Guide to Loading into Forge¶

This guide will show how to load a model into Forge. All models will be ingested into Forge and converted into Forge's intermediate representation.

Loading a Model¶

Framework Packages¶

Loading a model is relatively simple. Forge does not ship with any ML framework dependencies, so its on the user to install the framework(s) and versions needed for their models. Simply pip install as needed.

Forge's Loading Functions¶

Forge will have all the loading functions accessible from the Forge module's top-level.

import forge

forge.from_onnx()
forge.from_torch()
forge.from_tensorflow()
forge.from_tflite()
forge.from_keras()

Each of the loading functions expect a framework's model in-memory, and not a path to a model. So it's upon the user to load the model first with the corresponding framework module. Each loader will convert the framework model into Forge's intermediate representation module, the forge.IRModule.

import forge
import onnx
import torch

# ONNX example
onnx_model = onnx.load("path/to/model.onnx")
ir = forge.from_onnx(onnx_model)

# PyTorch example
torch_model = torch.jit.load("path/to/traced_model.pt")
ir = forge.from_torch(torch_model, [("input0", (1, 3, 224, 224))])

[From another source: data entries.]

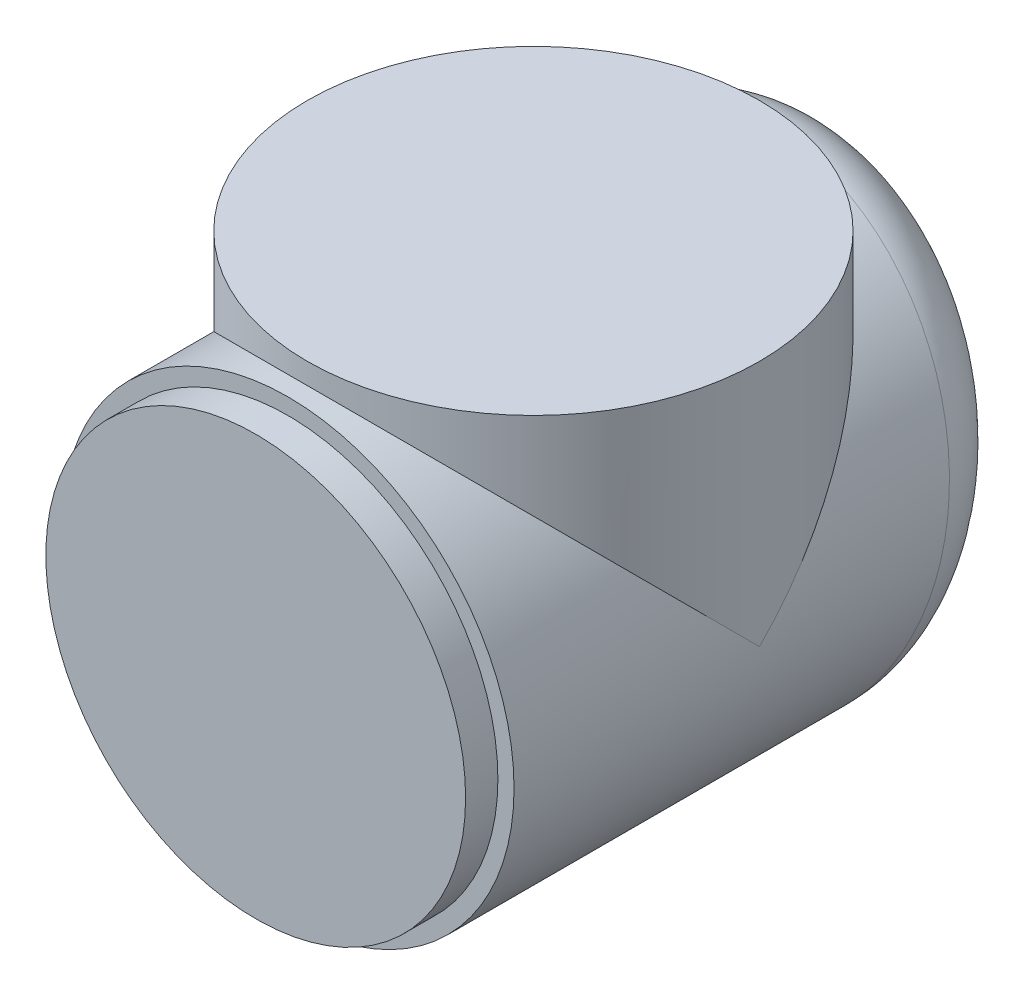
ISO-10303-21;
HEADER;
FILE_DESCRIPTION(('STEP AP214'),'2;1');
FILE_NAME('part.step','',(''),(''),'','','');
FILE_SCHEMA(('AUTOMOTIVE_DESIGN { 1 0 10303 214 1 1 1 1 }'));
ENDSEC;
DATA;
#1=APPLICATION_CONTEXT('core data for automotive mechanical design processes');
#2=APPLICATION_PROTOCOL_DEFINITION('international standard','automotive_design',2000,#1);
#3=PRODUCT_CONTEXT('',#1,'mechanical');
#4=PRODUCT('Part','Part','',(#3));
#5=PRODUCT_RELATED_PRODUCT_CATEGORY('part','',(#4));
#6=PRODUCT_DEFINITION_FORMATION('','',#4);
#7=PRODUCT_DEFINITION_CONTEXT('part definition',#1,'design');
#8=PRODUCT_DEFINITION('design','',#6,#7);
#9=PRODUCT_DEFINITION_SHAPE('','',#8);
#10=(LENGTH_UNIT() NAMED_UNIT(*) SI_UNIT(.MILLI.,.METRE.));
#11=(NAMED_UNIT(*) PLANE_ANGLE_UNIT() SI_UNIT($,.RADIAN.));
#12=(NAMED_UNIT(*) SI_UNIT($,.STERADIAN.) SOLID_ANGLE_UNIT());
#13=UNCERTAINTY_MEASURE_WITH_UNIT(LENGTH_MEASURE(1.E-05),#10,'distance_accuracy_value','');
#14=(GEOMETRIC_REPRESENTATION_CONTEXT(3) GLOBAL_UNCERTAINTY_ASSIGNED_CONTEXT((#13)) GLOBAL_UNIT_ASSIGNED_CONTEXT((#10,
#11,#12)) REPRESENTATION_CONTEXT('',''));
#15=CARTESIAN_POINT('',(0.,0.,0.));
#16=DIRECTION('',(0.,0.,1.));
#17=DIRECTION('',(1.,0.,0.));
#18=AXIS2_PLACEMENT_3D('',#15,#16,#17);
#19=CARTESIAN_POINT('',(0.,0.,-49.1));
#20=DIRECTION('',(0.,0.,1.));
#21=DIRECTION('',(1.,0.,0.));
#22=AXIS2_PLACEMENT_3D('',#19,#20,#21);
#23=CYLINDRICAL_SURFACE('',#22,35.);
#24=CARTESIAN_POINT('',(0.,0.,0.));
#25=DIRECTION('',(0.,0.707106781186547,0.707106781186547));
#26=DIRECTION('',(0.,-0.707106781186547,0.707106781186547));
#27=AXIS2_PLACEMENT_3D('',#24,#25,#26);
#28=ELLIPSE('',#27,49.4974746830583,35.);
#29=CARTESIAN_POINT('',(-35.,0.,0.));
#30=VERTEX_POINT('',#29);
#31=CARTESIAN_POINT('',(35.,0.,0.));
#32=VERTEX_POINT('',#31);
#33=EDGE_CURVE('E44',#30,#32,#28,.F.);
#34=ORIENTED_EDGE('',*,*,#33,.T.);
#35=CARTESIAN_POINT('',(0.,0.,0.));
#36=DIRECTION('',(0.,-0.707106781186547,0.707106781186547));
#37=DIRECTION('',(0.,0.707106781186547,0.707106781186547));
#38=AXIS2_PLACEMENT_3D('',#35,#36,#37);
#39=ELLIPSE('',#38,49.4974746830583,35.);
#40=EDGE_CURVE('E11',#32,#30,#39,.T.);
#41=ORIENTED_EDGE('',*,*,#40,.T.);
#42=EDGE_LOOP('',(#34,#41));
#43=FACE_BOUND('',#42,.T.);
#44=CARTESIAN_POINT('',(0.,0.,-28.6998430153135));
#45=DIRECTION('',(0.,-0.199960011996001,-0.979804058780407));
#46=DIRECTION('',(0.,-0.979804058780407,0.199960011996001));
#47=AXIS2_PLACEMENT_3D('',#44,#45,#46);
#48=ELLIPSE('',#47,35.7214278572857,35.);
#49=CARTESIAN_POINT('',(0.,-35.,-21.5569858724564));
#50=VERTEX_POINT('',#49);
#51=EDGE_CURVE('E53',#50,#50,#48,.F.);
#52=ORIENTED_EDGE('',*,*,#51,.T.);
#53=EDGE_LOOP('',(#52));
#54=FACE_BOUND('',#53,.T.);
#55=CARTESIAN_POINT('',(0.,0.,38.));
#56=DIRECTION('',(0.,0.,1.));
#57=DIRECTION('',(1.,0.,0.));
#58=AXIS2_PLACEMENT_3D('',#55,#56,#57);
#59=CIRCLE('',#58,35.);
#60=CARTESIAN_POINT('',(35.,0.,38.));
#61=VERTEX_POINT('',#60);
#62=EDGE_CURVE('E62',#61,#61,#59,.T.);
#63=ORIENTED_EDGE('',*,*,#62,.F.);
#64=EDGE_LOOP('',(#63));
#65=FACE_BOUND('',#64,.T.);
#66=ADVANCED_FACE('F34',(#43,#54,#65),#23,.T.);
#67=CARTESIAN_POINT('',(-35.,-35.,-29.1));
#68=DIRECTION('',(0.,0.274721127897378,0.961523947640823));
#69=DIRECTION('',(0.,-0.961523947640823,0.274721127897378));
#70=AXIS2_PLACEMENT_3D('',#67,#68,#69);
#71=PLANE('',#70);
#72=CARTESIAN_POINT('',(0.,-2.74721127897378,-38.3150824917218));
#73=DIRECTION('',(0.,0.274721127897378,0.961523947640823));
#74=DIRECTION('',(0.,-0.961523947640823,0.274721127897378));
#75=AXIS2_PLACEMENT_3D('',#72,#73,#74);
#76=ELLIPSE('',#75,26.0003924617161,25.);
#77=CARTESIAN_POINT('',(0.,-27.7472112789738,-31.1722253488646));
#78=VERTEX_POINT('',#77);
#79=EDGE_CURVE('E68',#78,#78,#76,.F.);
#80=ORIENTED_EDGE('',*,*,#79,.T.);
#81=EDGE_LOOP('',(#80));
#82=FACE_BOUND('',#81,.T.);
#83=ADVANCED_FACE('F56',(#82),#71,.F.);
#84=CARTESIAN_POINT('',(0.,-27.7472112789738,-31.1722253488646));
#85=CARTESIAN_POINT('',(0.,-35.,-29.1));
#86=CARTESIAN_POINT('',(0.,-35.,-21.5569858724564));
#87=CARTESIAN_POINT('',(1.09108091283731,-27.7472112789738,-31.1722253488646));
#88=CARTESIAN_POINT('',(1.43345338118228,-35.,-29.1));
#89=CARTESIAN_POINT('',(1.52751327797223,-35.,-21.5569858724564));
#90=CARTESIAN_POINT('',(2.18216182567463,-27.6756476021358,-31.1926721136755));
#91=CARTESIAN_POINT('',(2.86779095380467,-34.9120710459134,-29.1251225583105));
#92=CARTESIAN_POINT('',(3.05502655594448,-34.8998108524268,-21.5774326372673));
#93=CARTESIAN_POINT('',(4.34563680370093,-27.3908219923918,-31.2740508593166));
#94=CARTESIAN_POINT('',(5.7139282748752,-34.5621837627229,-29.2250903535077));
#95=CARTESIAN_POINT('',(6.08389152518131,-34.5010549987852,-21.6588113829084));
#96=CARTESIAN_POINT('',(5.41800305841691,-27.1773650124044,-31.3350385678845));
#97=CARTESIAN_POINT('',(7.12741061631932,-34.299556418007,-29.3001267377123));
#98=CARTESIAN_POINT('',(7.58520428178367,-34.2022152268028,-21.7197990914762));
#99=CARTESIAN_POINT('',(7.52574038951876,-26.6126009654066,-31.4963997241696));
#100=CARTESIAN_POINT('',(9.91147793625199,-33.6043492969241,-29.498757343736));
#101=CARTESIAN_POINT('',(10.5360365453263,-33.4115455610059,-21.8811602477613));
#102=CARTESIAN_POINT('',(8.5610058112401,-26.260929816784,-31.5968771952046));
#103=CARTESIAN_POINT('',(11.2834976821545,-33.1704847082132,-29.6227186547962));
#104=CARTESIAN_POINT('',(11.9854081357361,-32.9192059529343,-21.9816377187963));
#105=CARTESIAN_POINT('',(10.5769171990641,-25.4259154958068,-31.8354527154838));
#106=CARTESIAN_POINT('',(13.964902297941,-32.13903197755,-29.9174194349857));
#107=CARTESIAN_POINT('',(14.8076840786898,-31.7501859035662,-22.2202132390755));
#108=CARTESIAN_POINT('',(11.5573451107606,-24.9420862445672,-31.9736896444094));
#109=CARTESIAN_POINT('',(15.2753388623893,-31.5396423058252,-30.0886736269071));
#110=CARTESIAN_POINT('',(16.1802831550649,-31.0728249518308,-22.3584501680011));
#111=CARTESIAN_POINT('',(13.4469261071108,-23.8511405237061,-32.2853884217983));
#112=CARTESIAN_POINT('',(17.814644728026,-30.1854079954532,-30.4755977155848));
#113=CARTESIAN_POINT('',(18.8256965499551,-29.5455009426253,-22.67014894539));
#114=CARTESIAN_POINT('',(14.3557361132463,-23.2434753665676,-32.4590070381235));
#115=CARTESIAN_POINT('',(19.0440864861379,-29.4283771564413,-30.6918922410168));
#116=CARTESIAN_POINT('',(20.0980305585448,-28.6947697226314,-22.8437675617153));
#117=CARTESIAN_POINT('',(16.0866579251947,-21.9152973800787,-32.8384864628347));
#118=CARTESIAN_POINT('',(21.4034304353771,-27.769050289356,-31.1659856316126));
#119=CARTESIAN_POINT('',(22.5213210952725,-26.8353205415468,-23.2232469864264));
#120=CARTESIAN_POINT('',(16.9083128440085,-21.1942347508351,-33.0445043569043));
#121=CARTESIAN_POINT('',(22.5333744855595,-26.8643329539469,-31.4244762988723));
#122=CARTESIAN_POINT('',(23.6716379816119,-25.8258328606059,-23.429264880496));
#123=CARTESIAN_POINT('',(18.4509744322198,-19.6515786636179,-33.4852632389663));
#124=CARTESIAN_POINT('',(24.676840963195,-24.9216272074508,-31.9795350835855));
#125=CARTESIAN_POINT('',(25.8313642051077,-23.6661143385018,-23.8700237625581));
#126=CARTESIAN_POINT('',(19.1714429517694,-18.8294882870842,-33.7201462036902));
#127=CARTESIAN_POINT('',(25.6898673934373,-23.8811345784227,-32.2768186918792));
#128=CARTESIAN_POINT('',(26.8400201324772,-22.5151878113546,-24.104906727282));
#129=CARTESIAN_POINT('',(20.4994744403501,-17.0987697610045,-34.2146372111416));
#130=CARTESIAN_POINT('',(27.5838169087081,-21.6805680482021,-32.905551986228));
#131=CARTESIAN_POINT('',(28.6992642164901,-20.092181874843,-24.5993977347333));
#132=CARTESIAN_POINT('',(21.1064660290273,-16.1897367622214,-34.4743609250796));
#133=CARTESIAN_POINT('',(28.463737419209,-20.5180499172611,-33.2377000236397));
#134=CARTESIAN_POINT('',(29.5490524406382,-18.8195356765467,-24.8591214486714));
#135=CARTESIAN_POINT('',(22.1971755752942,-14.3005783973016,-35.0141204579138));
#136=CARTESIAN_POINT('',(30.0770894474211,-18.0887232943095,-33.931793344483));
#137=CARTESIAN_POINT('',(31.0760458054118,-16.174713965659,-25.3988809815056));
#138=CARTESIAN_POINT('',(22.6803447957253,-13.3201604836859,-35.294239861804));
#139=CARTESIAN_POINT('',(30.8090734661703,-16.819656371565,-34.2943838938385));
#140=CARTESIAN_POINT('',(31.7524827140154,-14.802128886597,-25.6790003853958));
#141=CARTESIAN_POINT('',(23.5151020941965,-11.3048841710705,-35.8700330939798));
#142=CARTESIAN_POINT('',(32.1135517283439,-14.1940494438345,-35.0445573017616));
#143=CARTESIAN_POINT('',(32.9211429318751,-11.9807420489355,-26.2547936175716));
#144=CARTESIAN_POINT('',(23.8662198279514,-10.2698458696208,-36.1657583229655));
#145=CARTESIAN_POINT('',(32.684237045671,-12.8355418642744,-35.432702324493));
#146=CARTESIAN_POINT('',(33.4127077591319,-10.5316884269059,-26.5505188465572));
#147=CARTESIAN_POINT('',(24.4307703921956,-8.16292059947017,-36.76773697158));
#148=CARTESIAN_POINT('',(33.6545942821809,-10.0493479846885,-36.2287577186604));
#149=CARTESIAN_POINT('',(34.2030785490738,-7.58199304869495,-27.1524974951717));
#150=CARTESIAN_POINT('',(24.6438597383181,-7.09094864238911,-37.0740146736031));
#151=CARTESIAN_POINT('',(34.0521939881995,-8.62006881925728,-36.6371231944979));
#152=CARTESIAN_POINT('',(34.5014036336453,-6.08123230878147,-27.4587751971949));
#153=CARTESIAN_POINT('',(24.9285650945313,-4.92840289461881,-37.6918848872518));
#154=CARTESIAN_POINT('',(34.6664445268543,-5.71208354457657,-37.467976130121));
#155=CARTESIAN_POINT('',(34.8999911323438,-3.05366826190303,-28.0766454108435));
#156=CARTESIAN_POINT('',(25.,-3.8378070867963,-38.0034836894868));
#157=CARTESIAN_POINT('',(34.8808676930596,-4.23222329855906,-37.8907933432688));
#158=CARTESIAN_POINT('',(35.,-1.52683413095152,-28.3882442130785));
#159=CARTESIAN_POINT('',(25.,-1.65661547115127,-38.6266812939568));
#160=CARTESIAN_POINT('',(35.1205686427329,-1.24429499839684,-38.7444871433152));
#161=CARTESIAN_POINT('',(35.,1.52683413095151,-29.0114418175485));
#162=CARTESIAN_POINT('',(24.9285650945313,-0.56601966332876,-38.9382800961918));
#163=CARTESIAN_POINT('',(35.1435782738045,0.264442596963204,-39.1755550277038));
#164=CARTESIAN_POINT('',(34.8999911323438,3.05366826190303,-29.3230406197835));
#165=CARTESIAN_POINT('',(24.6438597383181,1.59652608444155,-39.5561503098404));
#166=CARTESIAN_POINT('',(34.9942122083426,3.28740784928805,-40.0392593855109));
#167=CARTESIAN_POINT('',(34.5014036336453,6.08123230878146,-29.9409108334322));
#168=CARTESIAN_POINT('',(24.4307703921956,2.66849804152261,-39.8624280118636));
#169=CARTESIAN_POINT('',(34.8196492389227,4.80179209448718,-40.4719405984249));
#170=CARTESIAN_POINT('',(34.2030785490738,7.58199304869495,-30.2471885354554));
#171=CARTESIAN_POINT('',(23.8662198279514,4.77542331167326,-40.4644066604781));
#172=CARTESIAN_POINT('',(34.2711691464028,7.81180347985214,-41.3319438513863));
#173=CARTESIAN_POINT('',(33.4127077591319,10.5316884269059,-30.8491671840698));
#174=CARTESIAN_POINT('',(23.5151020941965,5.81046161312297,-40.7601318894637));
#175=CARTESIAN_POINT('',(33.8952733437755,9.30706477504779,-41.7591613642994));
#176=CARTESIAN_POINT('',(32.9211429318751,11.9807420489355,-31.1448924130555));
#177=CARTESIAN_POINT('',(22.6803447957253,7.82573792573832,-41.3359251216395));
#178=CARTESIAN_POINT('',(32.9428685539385,12.2530635758136,-42.6008753073753));
#179=CARTESIAN_POINT('',(31.7524827140154,14.8021288865969,-31.7206856452313));
#180=CARTESIAN_POINT('',(22.1971755752942,8.80615583935407,-41.6160445255297));
#181=CARTESIAN_POINT('',(32.3647226134196,13.7029259797655,-43.0151217085044));
#182=CARTESIAN_POINT('',(31.0760458054119,16.174713965659,-32.0008050491215));
#183=CARTESIAN_POINT('',(21.1064660290273,10.6953142042738,-42.1558040583639));
#184=CARTESIAN_POINT('',(31.0098445076532,16.5309530954485,-43.8231294558424));
#185=CARTESIAN_POINT('',(29.5490524406382,18.8195356765467,-32.5405645819557));
#186=CARTESIAN_POINT('',(20.4994744403501,11.6043472030569,-42.415527772302));
#187=CARTESIAN_POINT('',(30.2319520886626,17.907775095461,-44.2165071701317));
#188=CARTESIAN_POINT('',(28.6992642164901,20.092181874843,-32.8002882958937));
#189=CARTESIAN_POINT('',(19.1714429517694,13.3350657291366,-42.9100187797533));
#190=CARTESIAN_POINT('',(28.4835923577729,20.5614355524542,-44.9746958721298));
#191=CARTESIAN_POINT('',(26.8400201324772,22.5151878113546,-33.2947793033451));
#192=CARTESIAN_POINT('',(18.4509744322198,14.1571561056704,-43.1449017444772));
#193=CARTESIAN_POINT('',(27.512570472187,21.8365403070051,-45.3390115162872));
#194=CARTESIAN_POINT('',(25.8313642051077,23.6661143385018,-33.529662268069));
#195=CARTESIAN_POINT('',(16.9083128440085,15.6998121928876,-43.5856606265393));
#196=CARTESIAN_POINT('',(25.3887076598691,24.2579343636668,-46.0308383896191));
#197=CARTESIAN_POINT('',(23.6716379816119,25.8258328606059,-33.9704211501311));
#198=CARTESIAN_POINT('',(16.0866579251947,16.4208748221311,-43.7916785206089));
#199=CARTESIAN_POINT('',(24.2360278637739,25.402215398627,-46.3577758281791));
#200=CARTESIAN_POINT('',(22.5213210952725,26.8353205415468,-34.1764390442006));
#201=CARTESIAN_POINT('',(14.3557361132463,17.74905280862,-44.17115794532));
#202=CARTESIAN_POINT('',(21.7650546439561,27.5334915626623,-46.9667118750464));
#203=CARTESIAN_POINT('',(20.0980305585448,28.6947697226314,-34.5559184689118));
#204=CARTESIAN_POINT('',(13.4469261071108,18.3567179657586,-44.3447765616453));
#205=CARTESIAN_POINT('',(20.4477115945124,28.5183601608445,-47.2481029030984));
#206=CARTESIAN_POINT('',(18.8256965499551,29.5455009426253,-34.7295370852371));
#207=CARTESIAN_POINT('',(11.5573451107606,19.4476636866196,-44.6564753390342));
#208=CARTESIAN_POINT('',(17.6695466176983,30.3039719823389,-47.7582777092397));
#209=CARTESIAN_POINT('',(16.1802831550649,31.0728249518308,-35.0412358626259));
#210=CARTESIAN_POINT('',(10.5769171990641,19.9314929378592,-44.7947122679598));
#211=CARTESIAN_POINT('',(16.2104818820974,31.1026588366051,-47.9864739533157));
#212=CARTESIAN_POINT('',(14.8076840786898,31.7501859035662,-35.1794727915515));
#213=CARTESIAN_POINT('',(8.5610058112401,20.7665072588364,-45.033287788239));
#214=CARTESIAN_POINT('',(13.176995641447,32.4922649145575,-48.3835042613021));
#215=CARTESIAN_POINT('',(11.9854081357361,32.9192059529343,-35.4180483118307));
#216=CARTESIAN_POINT('',(7.52574038951877,21.118178407459,-45.133765259274));
#217=CARTESIAN_POINT('',(11.6050830561026,33.0814011809216,-48.5518289088348));
#218=CARTESIAN_POINT('',(10.5360365453263,33.4115455610059,-35.5185257828658));
#219=CARTESIAN_POINT('',(5.41800305841692,21.6829424544568,-45.2951264155591));
#220=CARTESIAN_POINT('',(8.3794769789984,34.0331536104975,-48.8237581744279));
#221=CARTESIAN_POINT('',(7.58520428178369,34.2022152268028,-35.6798869391509));
#222=CARTESIAN_POINT('',(4.34563680370094,21.8963994344442,-45.3561141241269));
#223=CARTESIAN_POINT('',(6.72890839959668,34.3944524464718,-48.9269864132776));
#224=CARTESIAN_POINT('',(6.08389152518132,34.5010549987852,-35.7408746477187));
#225=CARTESIAN_POINT('',(2.18216182567463,22.1812250441882,-45.4374928697681));
#226=CARTESIAN_POINT('',(3.38381829585065,34.8782258618346,-49.0652073890956));
#227=CARTESIAN_POINT('',(3.05502655594449,34.8998108524268,-35.8222533933598));
#228=CARTESIAN_POINT('',(1.09108091283732,22.2527887210262,-45.4579396345789));
#229=CARTESIAN_POINT('',(1.69282714246745,35.,-49.1));
#230=CARTESIAN_POINT('',(1.52751327797224,35.,-35.8427001581707));
#231=CARTESIAN_POINT('',(-1.09108091283731,22.2527887210262,-45.4579396345789));
#232=CARTESIAN_POINT('',(-1.69282714246744,35.,-49.1));
#233=CARTESIAN_POINT('',(-1.52751327797224,35.,-35.8427001581707));
#234=CARTESIAN_POINT('',(-2.18216182567463,22.1812250441882,-45.4374928697681));
#235=CARTESIAN_POINT('',(-3.38381829585064,34.8782258618346,-49.0652073890956));
#236=CARTESIAN_POINT('',(-3.05502655594448,34.8998108524268,-35.8222533933598));
#237=CARTESIAN_POINT('',(-4.34563680370094,21.8963994344442,-45.3561141241269));
#238=CARTESIAN_POINT('',(-6.72890839959667,34.3944524464718,-48.9269864132776));
#239=CARTESIAN_POINT('',(-6.08389152518131,34.5010549987852,-35.7408746477187));
#240=CARTESIAN_POINT('',(-5.41800305841691,21.6829424544568,-45.2951264155591));
#241=CARTESIAN_POINT('',(-8.37947697899839,34.0331536104975,-48.8237581744279));
#242=CARTESIAN_POINT('',(-7.58520428178368,34.2022152268028,-35.6798869391509));
#243=CARTESIAN_POINT('',(-7.52574038951876,21.118178407459,-45.133765259274));
#244=CARTESIAN_POINT('',(-11.6050830561026,33.0814011809216,-48.5518289088348));
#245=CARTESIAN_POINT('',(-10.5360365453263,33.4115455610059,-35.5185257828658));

Nuances and Differences Between Loaders

It's important to note that not all the loaders have same type-signatures. This is observable in the snippet above, where the PyTorch example requires a user to provide more details than the ONNX example. The reasons for this is three-fold:

Inherent differences in how these frameworks represent and handle model graphs and data types
TVM's frontend functions reflect the inherent difference between frameworks
Forge wraps around TVM's frontend functions without modification

As a concrete example, let's quickly consider why the ONNX and PyTorch loaders are different.

ONNX Frontend Static Graph: ONNX (Open Neural Network Exchange) uses a static computational graph. This means the graph's structure, along with the shapes and types of the tensors, are usually defined and fixed (but not always) when the model is saved. No Need for Input Information: Since ONNX models already contain this static information, the conversion process typically doesn't require sample input data. The model graph provides enough information for the Relay frontend to parse and convert it.

PyTorch Frontend Dynamic Nature: PyTorch is known for its dynamic computational graph (eager execution), meaning the graph structure can change at runtime. This flexibility requires additional context during model conversion. Input Information Requirement: When converting a PyTorch model, you typically need to provide input data (or a sample input tensor). This input is necessary because it helps in tracing the model to generate a static graph representation and infer shapes and types that are not fixed until runtime.

Loading Considerations Since each of the frameworks have independent loading functions and logic, a model that gets converted from a framework to a different framework before loading may result in a slightly different intermediate representation, i.e. sementically identical, computationally different.

Using the Loaders Each of the loaders are documented and provide more arguments and parameters than one would typically need. However, occasionally, one may need to consult the documentation to overcome edge-cases. For example, an ONNX model is not always completely statically typed. This is easy to rectify since the loader function allows a user to specify input information like the PyTorch loader.

Optimization Passes During Loading¶

When using the Forge loading functions, the model will automatically undergo two optimization passes during ingestion.

Constant Folding¶

An optimization technique in where expressions involving constant values are pre-calculated and simplified before program compile and execution. This process reduces computation time and improves performance by replacing expressions with their computed values. For example, an expression like 3 + 4 would be replaced with 7 during compilation.

Batch-Norm Folding¶

An optimization technique in where the parameters of batch normalization layers are merged into the weights of the preceding or succeeding matrix-multiply layers (including convolutions). This reduces the computational complexity during inference by decreasing the number of operations required, as it effectively eliminates the standalone batch normalization layers.